Craniorachischisis and omphalocele in a stillborn cynomolgus monkey (Macaca fascicularis)

Abstract

Nonhuman primates have been a common animal model to evaluate experimentally induced malformations. Reports on spontaneous malformations are important in determining the background incidence of congenital anomalies in specific species and in evaluating experimental results. Here we report on a stillborn cynomolgus monkey (Macaca fascicularis) with multiple congenital anomalies from the colony maintained at the Southwest National Primate Research Center at the Texas Biomedical Research Institute, San Antonio, Texas. Physical findings included low birth weight, craniorachischisis, facial abnormalities, omphalocele, malrotation of the gut with areas of atresia and intussusception, a Meckel diverticulum, arthrogryposis, patent ductus arteriosus, and patent foramen ovale. The macaque had normal male external genitalia, but undescended testes. Gestational age was unknown but was estimated from measurements of the limbs and other developmental criteria. Although cytogenetic analysis was not possible due to the tissues being in an advanced state of decomposition, array Comparative Genomic Hybridization analysis using human bacterial artificial chromosome clones was successful in effectively eliminating aneuploidy or any copy number changes greater than approximately 3-5 Mb as a cause of the malformations. Further evaluation of the animal included extensive imaging of the skeletal and neural tissue defects. The animal's congenital anomalies are discussed in relation to the current hypotheses attempting to explain the frequent association of neural tube defects with other abnormalities.

Fig. 1

Physical characteristics of infant with craniorachischisis and omphalocele. a. Face of the infant with no skull above wide-set, protruding eyes and flattened nose. Lips and tongue were normal, and palate was intact and well-formed. b. The back of the infant shows the considerably shortened trunk as compared with a term stillbirth. Normal measurements were found for the humeri, femora, and tail. Tight flexures are seen at the joints. c.

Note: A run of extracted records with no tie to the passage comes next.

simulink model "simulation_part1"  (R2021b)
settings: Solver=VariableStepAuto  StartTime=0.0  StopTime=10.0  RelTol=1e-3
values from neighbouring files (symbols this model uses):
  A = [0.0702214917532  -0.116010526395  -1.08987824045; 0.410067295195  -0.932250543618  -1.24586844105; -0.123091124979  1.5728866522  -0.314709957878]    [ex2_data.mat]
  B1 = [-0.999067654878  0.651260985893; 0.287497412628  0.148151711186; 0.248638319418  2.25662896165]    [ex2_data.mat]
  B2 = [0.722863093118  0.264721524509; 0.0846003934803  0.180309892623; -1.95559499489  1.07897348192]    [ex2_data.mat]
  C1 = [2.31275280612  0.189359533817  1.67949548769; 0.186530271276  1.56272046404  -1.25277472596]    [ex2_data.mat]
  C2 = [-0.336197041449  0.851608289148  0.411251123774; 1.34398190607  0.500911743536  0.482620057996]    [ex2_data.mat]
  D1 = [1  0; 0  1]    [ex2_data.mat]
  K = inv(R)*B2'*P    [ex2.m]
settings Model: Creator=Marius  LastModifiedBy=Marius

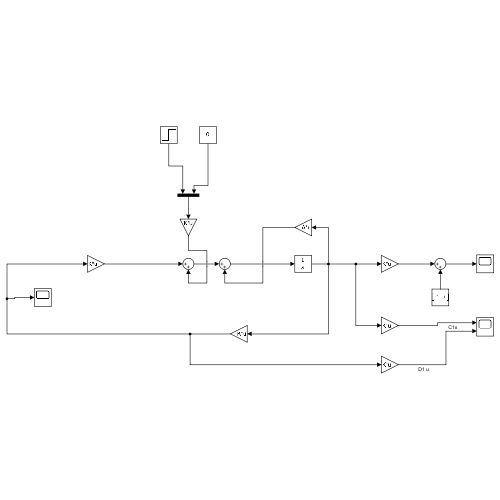
[thumbnail: Simulink's stored preview of the top-level diagram]
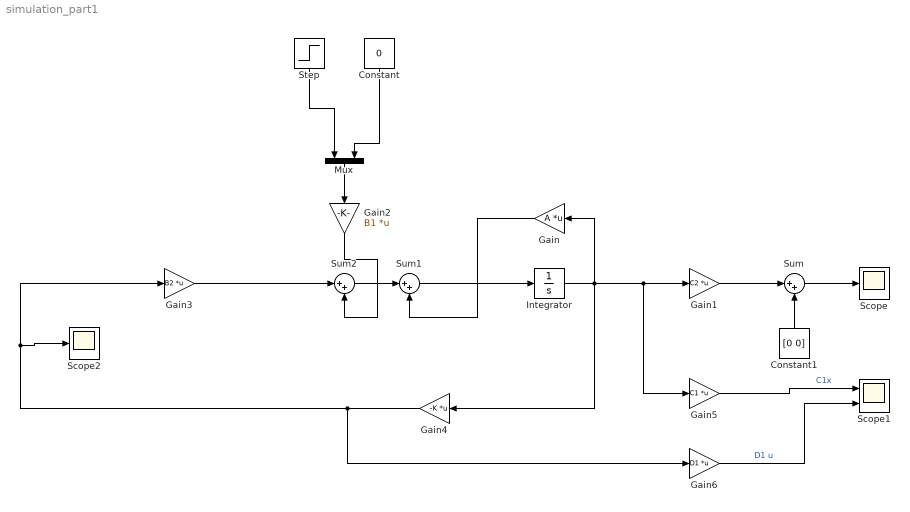
== system simulation_part1 ==
  Constant : Constant  Value=0
  Constant1 : Constant  Value=[0 0]
  Gain : Gain  Gain=A  Multiplication=Matrix(K*u)
  Gain1 : Gain  Gain=C2  Multiplication=Matrix(K*u)
  Gain2 : Gain  Gain=B1  Multiplication=Matrix(K*u)
  Gain3 : Gain  Gain=B2  Multiplication=Matrix(K*u)
  Gain4 : Gain  Gain=-K  Multiplication=Matrix(K*u)
  Gain5 : Gain  Gain=C1  Multiplication=Matrix(K*u)
  Gain6 : Gain  Gain=D1  Multiplication=Matrix(K*u)
  Integrator : Integrator
  Mux : Mux  Inputs=2
  Scope : Scope
  Scope1 : Scope  NumInputPorts=2
  Scope2 : Scope
  Step : Step  SampleTime=0
  Sum : Sum  Inputs=|++
  Sum1 : Sum  Inputs=|++
  Sum2 : Sum  Inputs=|++
  wires:
  Integrator/1 -> Gain4/1, Gain/1, Gain5/1, Gain1/1
  Gain/1 -> Sum1/2
  Sum1/1 -> Integrator/1
  Gain1/1 -> Sum/1
  Gain3/1 -> Sum2/1
  Sum2/1 -> Sum1/1
  Gain2/1 -> Sum2/2
  Sum/1 -> Scope/1
  Constant1/1 -> Sum/2
  Gain4/1 -> Gain6/1, Scope2/1, Gain3/1
  Mux/1 -> Gain2/1
  Step/1 -> Mux/1
  Constant/1 -> Mux/2
  Gain5/1 -> Scope1/1  "C1x"
  Gain6/1 -> Scope1/2  "D1 u"

Left hand of the infant with the fingers tightly folded over the palm, illustrating the tight flexures that were observed in all limbs. d. The back of the infant showing extent of craniorachischisis through the thoracic vertebrae. [Color figure can be viewed in the online issue, which is available at www.interscience.wiley.com.]

Fig. 2

Whole-body radiograph. Note the dysplastic cervical vertebrae and hemivertebra at the T5–6 level.

Fig. 3

Whole body Maximum Intensity Projection (MIP)-images from a volumetric microCT scan. [A three-dimensional 360° movie of the microCT scan is available at www.interwcience.wiley.com. Three-D glasses are needed for viewing the movie.] a. Ventral MIP-view shows craniorachischisis with abnormal widening of the vertebral bodies, angulation of the lateral walls, and absence of the neural arches through the cervical and thoracic areas. Only 9 ribs were present instead of the 12 found in normal M. fascicularis. b. Lateral MIP-view demonstrates the lack of bony elements in the skull above the orbits and clearly shows the tight flexures in the elbows, wrists, hip, knees, ankles, and digits as well as bowing of the radii. The infant’s mandible was separated during the necropsy.